# [What the task requires]
State how many lines of the entries include the string "linetypes", please, leaving out everything but the number.

# [Extracted information]
§ §
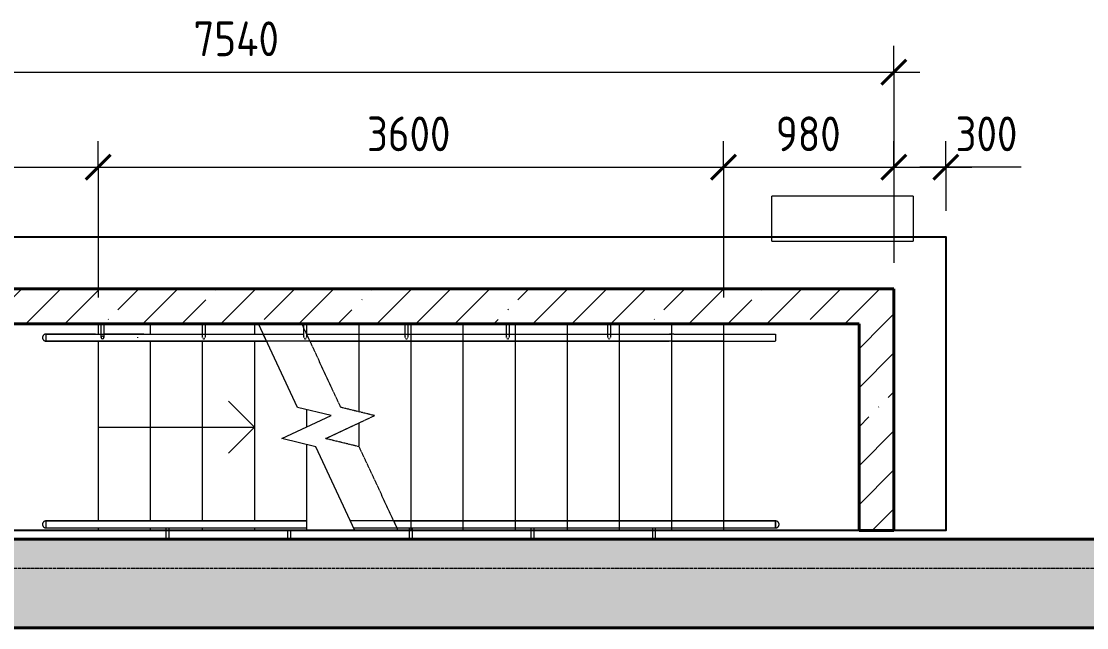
# Model space of a CAD drawing. Header units: millimetres. Extents: x -11886 to 71589, y -4690 to 48120.
# Drawn here: x 21614 to 27747, y 43015 to 46505 of the extents above; entities that cross this region are included whole.
import ezdxf

# ---------------------------------------------------------------- set-up
doc = ezdxf.new("R2010")
doc.units = ezdxf.units.MM
doc.linetypes.add('ADSK_Линия сетки', pattern=[25, 20, -2.5, 0, -2.5])
doc.linetypes.add('ADSK_Сверху', pattern=[4.5, 3, -1.5])
for name, color, linetype, lineweight in [('Лестницы', 7, 'Continuous', 18), ('Ограждение', 7, 'Continuous', 18), ('Оси', 7, 'Continuous', 9), ('Размеры', 7, 'Continuous', 9), ('Размеры-100', 7, 'Continuous', 9), ('Стены внутренние', 250, 'Continuous', 18), ('Стены наружные', 250, 'Continuous', 18), ('Стрелки вверх', 7, 'Continuous', 18)]:
    doc.layers.add(name, color=color, linetype=linetype, lineweight=lineweight)
doc.styles.add('GOST Common_2', font='GOST_Common.ttf', dxfattribs={"width": 0.9, "height": 200})
doc.dimstyles.new('ADSK_Основной_2_мм_Округление_до_1_мм', dxfattribs={"dimscale": 304.8, "dimtxt": 201.142999, "dimasz": 0.463911, "dimexe": 0.492126, "dimexo": 0.492126, "dimgap": 0.098425, "dimtad": 1, "dimdec": 0, "dimdsep": 46, "dimtxsty": 'GOST Common_2', "dimblk1": 'OBLIQUE', "dimblk2": 'OBLIQUE', "dimsah": 1, "dimcen": 0.09, "dimdle": 0.492126, "dimazin": 2, "dimtfac": 1, "dimtdec": 4, "dimtix": 1, "dimtmove": 0, "dimatfit": 3, "dimfxl": 1, "dimtvp": 1, "dimtolj": 1, "dimtzin": 0, "dimlwd": 20, "dimlwe": 20, "dimarcsym": 2})
doc.dimstyles.new('ADSK_Основной_2_мм_Округление_до_1_мм_1', dxfattribs={"dimscale": 304.8, "dimtxt": 201.142999, "dimasz": 0.463911, "dimexe": 0.492126, "dimexo": 0.492126, "dimgap": 0.098425, "dimtad": 1, "dimdec": 0, "dimdsep": 46, "dimtxsty": 'GOST Common_2', "dimblk1": 'OBLIQUE', "dimblk2": 'OBLIQUE', "dimsah": 1, "dimcen": 0.09, "dimdle": 0.492126, "dimazin": 2, "dimtfac": 1, "dimtdec": 4, "dimtix": 1, "dimtmove": 1, "dimatfit": 3, "dimfxl": 1, "dimtvp": 1, "dimtolj": 1, "dimtzin": 0, "dimlwd": 20, "dimlwe": 20, "dimarcsym": 2})
pattern_1 = [(45, (0, 0), (-224.5064, 224.5064), []), (45, (224.5, 0), (-224.5064, 224.5064), [396.875, -79.375, 3.353, -76.022])]

# ---------------------------------------------------------------- blocks, each defined once
blk = doc.blocks.new('Тип перил - D40-V5-00 План подвала кладочный')
at = {"layer": 'Ограждение', "color": 253, "linetype": 'ADSK_Сверху', "true_color": 0xaaaaaa, "flags": 128}
for points in [[(20, 0), (20, 0.8), (19.9, 1.6), (19.9, 2.4), (19.7, 3.2), (19.6, 4), (19.4, 4.8), (19.2, 5.5), (19, 6.3), (18.7, 7), (18.4, 7.8), (18.1, 8.5), (17.7, 9.2), (17.4, 9.9), (16.9, 10.6), (16.5, 11.3), (16, 11.9), (15.6, 12.6), (15, 13.2), (14.5, 13.8), (13.9, 14.3), (13.3, 14.9), (12.7, 15.4), (12.1, 15.9), (11.5, 16.4), (10.8, 16.8), (10.1, 17.2), (9.4, 17.6), (8.7, 18), (8, 18.3), (7.2, 18.6), (6.5, 18.9), (5.7, 19.2), (5, 19.4), (4.2, 19.6), (3.4, 19.7), (2.6, 19.8), (1.8, 19.9), (1, 20), (0.2, 20), (0, 20)], [(0, -20), (0.8, -20), (1.6, -19.9), (2.4, -19.9), (3.2, -19.7), (4, -19.6), (4.8, -19.4), (5.5, -19.2), (6.3, -19), (7, -18.7), (7.8, -18.4), (8.5, -18.1), (9.2, -17.7), (9.9, -17.4), (10.6, -16.9), (11.3, -16.5), (11.9, -16), (12.6, -15.6), (13.2, -15), (13.8, -14.5), (14.3, -13.9), (14.9, -13.3), (15.4, -12.7), (15.9, -12.1), (16.4, -11.5), (16.8, -10.8), (17.2, -10.1), (17.6, -9.4), (18, -8.7), (18.3, -8), (18.6, -7.2), (18.9, -6.5), (19.2, -5.7), (19.4, -5), (19.6, -4.2), (19.7, -3.4), (19.8, -2.6), (19.9, -1.8), (20, -1), (20, -0.2), (20, 0)]]:
    blk.add_lwpolyline(points, dxfattribs=at)
blk = doc.blocks.new('Тип перил - Перила_Внутренний_-2553248-00 План подвала кладочный')
at = {"layer": 'Ограждение', "color": 253, "linetype": 'ADSK_Сверху', "true_color": 0xaaaaaa}
for p, q in [((21755.9, 44704.8), (22040.8, 44704.8)), ((21755.9, 44704.8), (21755.9, 44664.8)), ((22040.8, 44664.8), (21755.9, 44664.8)), ((22079.5, 44704.8), (22657, 44704.8)), ((25354.4, 44664.8), (22079.5, 44664.8)), ((22672, 44704.8), (23240.2, 44704.8)), ((23255.2, 44704.8), (23823.4, 44704.8)), ((23838.4, 44704.8), (24406.6, 44704.8)), ((24421.6, 44704.8), (24989.8, 44704.8)), ((25004.7, 44704.8), (25354.4, 44704.8)), ((25371, 44704.8), (25655.9, 44704.8)), ((25655.9, 44664.8), (25371, 44664.8)), ((25655.9, 44704.8), (25658.9, 44704.8)), ((25658.9, 44664.8), (25655.9, 44664.8))]:
    blk.add_line(p, q, dxfattribs=at)
at = {"layer": 'Ограждение', "color": 253, "linetype": 'ADSK_Сверху', "true_color": 0xaaaaaa, "flags": 128}
for points in [[(22040.8, 44704.8), (22043.6, 44704.8), (22046.4, 44704.8), (22049.2, 44704.8), (22052, 44704.8), (22054.7, 44704.8), (22057.5, 44704.8), (22060.2, 44704.8), (22062.8, 44704.8), (22065.5, 44704.8), (22068.1, 44704.8), (22070.6, 44704.8), (22073.1, 44704.8), (22075.6, 44704.8), (22078, 44704.8), (22079.5, 44704.8)], [(22079.5, 44664.8), (22077.2, 44664.8), (22074.8, 44664.8), (22072.3, 44664.8), (22069.8, 44664.8), (22067.2, 44664.8), (22064.6, 44664.8), (22061.9, 44664.8), (22059.2, 44664.8), (22056.5, 44664.8), (22053.8, 44664.8), (22051, 44664.8), (22048.2, 44664.8), (22045.4, 44664.8), (22042.6, 44664.8), (22040.8, 44664.8)], [(25371, 44704.8), (25369.8, 44704.8), (25368.6, 44704.8), (25367.4, 44704.8), (25366.2, 44704.8), (25365, 44704.8), (25363.9, 44704.8), (25362.7, 44704.8), (25361.6, 44704.8), (25360.4, 44704.8), (25359.3, 44704.8), (25358.2, 44704.8), (25357.1, 44704.8), (25356.1, 44704.8), (25355.1, 44704.8), (25354.4, 44704.8)], [(25354.4, 44664.8), (25355.4, 44664.8), (25356.5, 44664.8), (25357.5, 44664.8), (25358.6, 44664.8), (25359.7, 44664.8), (25360.8, 44664.8), (25362, 44664.8), (25363.1, 44664.8), (25364.3, 44664.8), (25365.4, 44664.8), (25366.6, 44664.8), (25367.8, 44664.8), (25369, 44664.8), (25370.2, 44664.8), (25371, 44664.8)]]:
    blk.add_lwpolyline(points, dxfattribs=at)
blk = doc.blocks.new('ADSK_Ограждение_Опоры_Г_образная - D15 высота60 консоль80-V13-00 План подвала кладочный')
at = {"layer": 'Ограждение', "color": 253, "linetype": 'ADSK_Сверху', "true_color": 0xaaaaaa, "flags": 128}
for points in [[(-7.5, 0), (-7.5, 0.1), (-7.5, 0.2), (-7.5, 0.3), (-7.5, 0.4), (-7.5, 0.6), (-7.5, 0.8), (-7.5, 1), (-7.5, 1.2), (-7.5, 1.4), (-7.5, 1.7), (-7.5, 2), (-7.5, 2.3), (-7.5, 2.6), (-7.5, 3), (-7.5, 3.3), (-7.5, 3.7), (-7.5, 4.1), (-7.5, 4.5), (-7.5, 5), (-7.5, 5.4), (-7.5, 5.9), (-7.5, 6.4), (-7.5, 6.9), (-7.5, 7.4), (-7.5, 7.9), (-7.5, 8.5), (-7.5, 9), (-7.5, 9.6), (-7.5, 10.1), (-7.5, 10.7), (-7.5, 11.3), (-7.5, 11.9), (-7.5, 12.5), (-7.5, 13), (-7.5, 13.6)], [(7.5, 13.2), (7.5, 12.6), (7.5, 12), (7.5, 11.4), (7.5, 10.9), (7.5, 10.3), (7.5, 9.7), (7.5, 9.2), (7.5, 8.6)], [(7.5, 5.6), (7.5, 5.1), (7.5, 4.7), (7.5, 4.2), (7.5, 3.8), (7.5, 3.4), (7.5, 3.1), (7.5, 2.7), (7.5, 2.4), (7.5, 2.1), (7.5, 1.8), (7.5, 1.5), (7.5, 1.2), (7.5, 1), (7.5, 0.8), (7.5, 0.6), (7.5, 0.5), (7.5, 0.3), (7.5, 0.2), (7.5, 0.1), (7.5, 0.1)]]:
    blk.add_lwpolyline(points, dxfattribs=at)
blk = doc.blocks.new('ADSK_Ограждение_Опоры_Г_образная - D15 высота60 консоль80-V14-00 План подвала кладочный')
at = {"layer": 'Ограждение', "color": 253, "linetype": 'ADSK_Сверху', "true_color": 0xaaaaaa}
for p, q in [((-7.5, 15), (-7.5, 80)), ((0, 80), (-7.5, 80)), ((7.5, 80), (0, 80)), ((7.5, 80), (7.5, 15))]:
    blk.add_line(p, q, dxfattribs=at)
at = {"layer": 'Ограждение', "color": 253, "linetype": 'ADSK_Сверху', "true_color": 0xaaaaaa, "flags": 128}
for points in [[(-7.5, 0), (-7.5, 0), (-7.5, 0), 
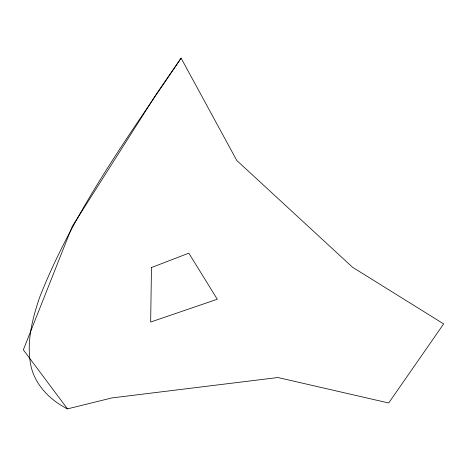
<?xml version="1.0" encoding="UTF-8"?>
<svg xmlns="http://www.w3.org/2000/svg" width="467" height="467" viewBox="0 0 467 467"><rect width="100%" height="100%" fill="white"/><g stroke="black" fill="none" stroke-linecap="round" stroke-linejoin="round"><path stroke-width="0.7" d="M181.097 58.124L156.387 94.025L72.262 226.355L23.35 349.836L67.476 408.876L112.01 397.907L277.918 377.529L388.69 402.986L443.65 323.911L352.527 267.235L236.787 160.479L181.097 58.124C129.382 135.103 73.366 211.031 39.391 297.999C31.978 320.047 26.047 343.776 31.161 367.015C35.912 385.882 50.459 400.33 67.476 408.876M151.466 267.556L150.666 322.037L217.289 299.248L188.814 253.172L151.466 267.556"/></g></svg>
§ §
# [Your solution]
2